Yes that looks like a blake's, solid dependable knot it will serve you well at this stage...I climbed on one for about three years before moving on...I never liked a prussik.

As soon as you can afford it get some triple action carabiners, one for where your lanyard/buckstrap attaches to your harness D, and one or two for your main limbing line, they are safer than the snaps for life support, it adds one more action before it can come open...I only use a snap on the end of my lanyard. Some here will have a different opinion...I like a wider safety margin...

And I'll say this before anyone else does...Jeff Jepson's book, 'Tree Climber's Companion'...the best $15 you'll spend at this stage.

I'll add to the wrap strap camp for spikes, only way to keep them stable...unless you do lots of takedowns, padded leather pads are fine for now.

Got a helmet???

Go slow, stay safe...


----------



## ozzy42 (Feb 4, 2010)

rwbinbc said:


> Also when I tried the double it back and trying the knot it pulls on the live line and helps it slip and loosen up on Me, So I cut it and did this. When I did it this way it doesn't slip unless You push on the top on the knot.
> 
> http://en.wikipedia.org/wiki/Blake's_hitch



My bad if it's a blakes ,your good to go.
But from the pic it looked like the tail was coming out after 2 wraps from the top.
If you had to tuck it inside the bottom 2 loops ,then it is a blakes.
Like I said looked different from the pic .


----------



## rwbinbc (Feb 17, 2010)

I went and got the new lower straps, saw tail, and split tail today from our local shop. The spike fit nice now.


----------



## af7850 (Feb 17, 2010)

*Hey rwb...*

Where are you in Michigan?


----------



## rwbinbc (Feb 17, 2010)

Grand Rapids


----------



## af7850 (Feb 18, 2010)

Yeah, that is a Blakes, should be fine for what you're doing. The bridge only needs to come out of the middle of the hitch if you want it to work in both directions, like a 2 in 1.

I'm on the "strap-wrap" bandwagon too, and the velcro pads are quite comfy.

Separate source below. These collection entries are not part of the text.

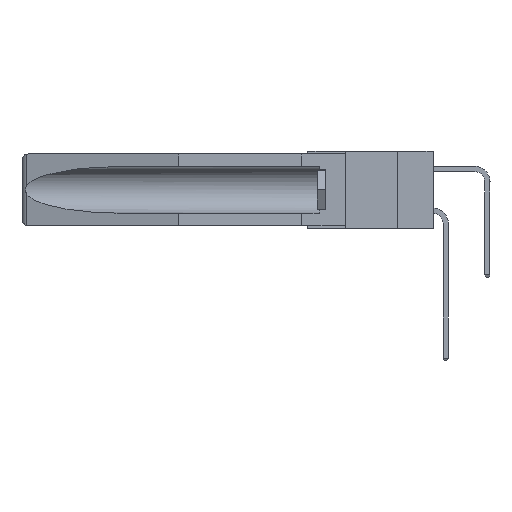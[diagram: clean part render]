
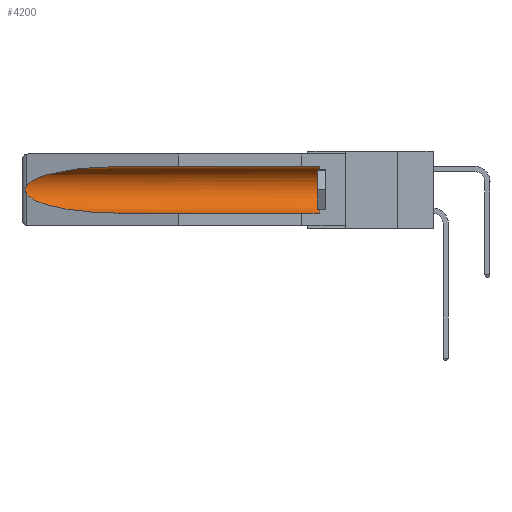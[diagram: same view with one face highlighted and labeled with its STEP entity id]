
A CAD part, left-side view. The second image highlights one B-rep face of the part: STEP entity #4200.
In plain terms, the highlighted cylindrical face has radius 2.857 mm (diameter 5.715 mm), a partial arc.
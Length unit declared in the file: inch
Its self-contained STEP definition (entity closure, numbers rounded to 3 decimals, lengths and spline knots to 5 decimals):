
#100 = CARTESIAN_POINT ( 'NONE',  ( 0.2673, 1.5327, -0.16383 ) ) ;
#266 =( BOUNDED_CURVE ( )  B_SPLINE_CURVE ( 3, ( #15418, #6897, #12355, #23557 ),
 .UNSPECIFIED., .F., .F. ) 
 B_SPLINE_CURVE_WITH_KNOTS ( ( 4, 4 ),
 ( 0.1948, 1.5708 ),
 .UNSPECIFIED. ) 
 CURVE ( )  GEOMETRIC_REPRESENTATION_ITEM ( )  RATIONAL_B_SPLINE_CURVE ( ( 1., 0.848, 0.848, 1. ) ) 
 REPRESENTATION_ITEM ( '' )  );
#363 = ORIENTED_EDGE ( 'NONE', *, *, #11381, .F. ) ;
#2456 = CARTESIAN_POINT ( 'NONE',  ( 0.2675, 1.53308, -0.16763 ) ) ;
#2654 = VERTEX_POINT ( 'NONE', #30362 ) ;
#2694 = CARTESIAN_POINT ( 'NONE',  ( 0.26537, 1.52718, -0.14972 ) ) ;
#3238 = CARTESIAN_POINT ( 'NONE',  ( 0.155, 1.07973, -0.284 ) ) ;
#3314 = DIRECTION ( 'NONE',  ( 0., -1., 0. ) ) ;
#3654 = EDGE_CURVE ( 'NONE', #28016, #9642, #14469, .T. ) ;
#3698 = CIRCLE ( 'NONE', #30340, 0.1125 ) ;
#4200 = ADVANCED_FACE ( 'NONE', ( #7633 ), #34689, .F. ) ;
#5085 = CARTESIAN_POINT ( 'NONE',  ( 0.26654, 1.53092, -0.15636 ) ) ;
#5942 = VERTEX_POINT ( 'NONE', #6813 ) ;
#6813 = CARTESIAN_POINT ( 'NONE',  ( 0.26537, 1.52718, -0.14972 ) ) ;
#6897 = CARTESIAN_POINT ( 'NONE',  ( 0.25451, 1.48313, -0.24835 ) ) ;
#7633 = FACE_OUTER_BOUND ( 'NONE', #21132, .T. ) ;
#7822 = CARTESIAN_POINT ( 'NONE',  ( 0.2673, 1.53269, -0.17917 ) ) ;
#8189 = CARTESIAN_POINT ( 'NONE',  ( 0.155, -0.30754, -0.284 ) ) ;
#8224 = CARTESIAN_POINT ( 'NONE',  ( 0.155, 0.126, -0.059 ) ) ;
#9289 = DIRECTION ( 'NONE',  ( 0., 0., 1. ) ) ;
#9535 = EDGE_CURVE ( 'NONE', #2654, #28016, #3698, .T. ) ;
#9642 = VERTEX_POINT ( 'NONE', #25930 ) ;
#9925 = EDGE_CURVE ( 'NONE', #5942, #12658, #28051, .T. ) ;
#9962 = CARTESIAN_POINT ( 'NONE',  ( 0.155, -0.30754, -0.1715 ) ) ;
#10327 = DIRECTION ( 'NONE',  ( 0., 0., 1. ) ) ;
#10855 = LINE ( 'NONE', #8189, #34928 ) ;
#11381 = EDGE_CURVE ( 'NONE', #2654, #26076, #10855, .T. ) ;
#12020 = ORIENTED_EDGE ( 'NONE', *, *, #9925, .T. ) ;
#12355 = CARTESIAN_POINT ( 'NONE',  ( 0.21114, 1.30732, -0.284 ) ) ;
#12658 = VERTEX_POINT ( 'NONE', #22268 ) ;
#13177 = ORIENTED_EDGE ( 'NONE', *, *, #9535, .T. ) ;
#14469 = LINE ( 'NONE', #23585, #27996 ) ;
#15418 = CARTESIAN_POINT ( 'NONE',  ( 0.26537, 1.52718, -0.19328 ) ) ;
#15628 = ORIENTED_EDGE ( 'NONE', *, *, #26872, .T. ) ;
#15998 = CARTESIAN_POINT ( 'NONE',  ( 0.26655, 1.53094, -0.18657 ) ) ;
#16355 = CARTESIAN_POINT ( 'NONE',  ( 0.26597, 1.52961, -0.15275 ) ) ;
#16362 = DIRECTION ( 'NONE',  ( 0., 1., 0. ) ) ;
#16589 =( BOUNDED_CURVE ( )  B_SPLINE_CURVE ( 3, ( #34882, #27012, #18953, #22245 ),
 .UNSPECIFIED., .F., .F. ) 
 B_SPLINE_CURVE_WITH_KNOTS ( ( 4, 4 ),
 ( 4.71239, 6.08839 ),
 .UNSPECIFIED. ) 
 CURVE ( )  GEOMETRIC_REPRESENTATION_ITEM ( )  RATIONAL_B_SPLINE_CURVE ( ( 1., 0.848, 0.848, 1. ) ) 
 REPRESENTATION_ITEM ( '' )  );
#18123 = DIRECTION ( 'NONE',  ( 0., 1., 0. ) ) ;
#18953 = CARTESIAN_POINT ( 'NONE',  ( 0.25451, 1.48313, -0.09465 ) ) ;
#21132 = EDGE_LOOP ( 'NONE', ( #29350, #12020, #15628, #363, #13177, #31620 ) ) ;
#22245 = CARTESIAN_POINT ( 'NONE',  ( 0.26537, 1.52718, -0.14972 ) ) ;
#22268 = CARTESIAN_POINT ( 'NONE',  ( 0.26537, 1.52718, -0.19328 ) ) ;
#22738 = CARTESIAN_POINT ( 'NONE',  ( 0.155, 0.126, -0.1715 ) ) ;
#23557 = CARTESIAN_POINT ( 'NONE',  ( 0.155, 1.07973, -0.284 ) ) ;
#23585 = CARTESIAN_POINT ( 'NONE',  ( 0.155, -0.30754, -0.059 ) ) ;
#23702 = DIRECTION ( 'NONE',  ( 0., 1., 0. ) ) ;
#24014 = CARTESIAN_POINT ( 'NONE',  ( 0.2675, 1.53308, -0.17534 ) ) ;
#24139 = CARTESIAN_POINT ( 'NONE',  ( 0.26597, 1.5296, -0.19026 ) ) ;
#25930 = CARTESIAN_POINT ( 'NONE',  ( 0.155, 1.07973, -0.059 ) ) ;
#26076 = VERTEX_POINT ( 'NONE', #3238 ) ;
#26872 = EDGE_CURVE ( 'NONE', #12658, #26076, #266, .T. ) ;
#26882 = CARTESIAN_POINT ( 'NONE',  ( 0.26537, 1.52718, -0.19328 ) ) ;
#27012 = CARTESIAN_POINT ( 'NONE',  ( 0.21114, 1.30732, -0.059 ) ) ;
#27996 = VECTOR ( 'NONE', #23702, 39.37008 ) ;
#28016 = VERTEX_POINT ( 'NONE', #8224 ) ;
#28051 = B_SPLINE_CURVE_WITH_KNOTS ( 'NONE', 3,
 ( #2694, #16355, #5085, #100, #2456, #24014, #7822, #15998, #24139, #26882 ),
 .UNSPECIFIED., .F., .F.,
 ( 4, 2, 2, 2, 4 ),
 ( 0., 0.00029, 0.00058, 0.00087, 0.00117 ),
 .UNSPECIFIED. ) ;
#28258 = EDGE_CURVE ( 'NONE', #9642, #5942, #16589, .T. ) ;
#28439 = AXIS2_PLACEMENT_3D ( 'NONE', #9962, #18123, #10327 ) ;
#29350 = ORIENTED_EDGE ( 'NONE', *, *, #28258, .T. ) ;
#30340 = AXIS2_PLACEMENT_3D ( 'NONE', #22738, #3314, #9289 ) ;
#30362 = CARTESIAN_POINT ( 'NONE',  ( 0.155, 0.126, -0.284 ) ) ;
#31620 = ORIENTED_EDGE ( 'NONE', *, *, #3654, .T. ) ;
#34689 = CYLINDRICAL_SURFACE ( 'NONE', #28439, 0.1125 ) ;
#34882 = CARTESIAN_POINT ( 'NONE',  ( 0.155, 1.07973, -0.059 ) ) ;
#34928 = VECTOR ( 'NONE', #16362, 39.37008 ) ;

It sounds like you're moving in the right direction. I think you'll find that, as you continue to learn and advance, you'll find increasing satisfaction in this line of work. If you're coming out to my side of the state sometime, let me know if you want to run with us for a day. Lots of talent and knowledge around here, and its always fun to shake things up a bit.


----------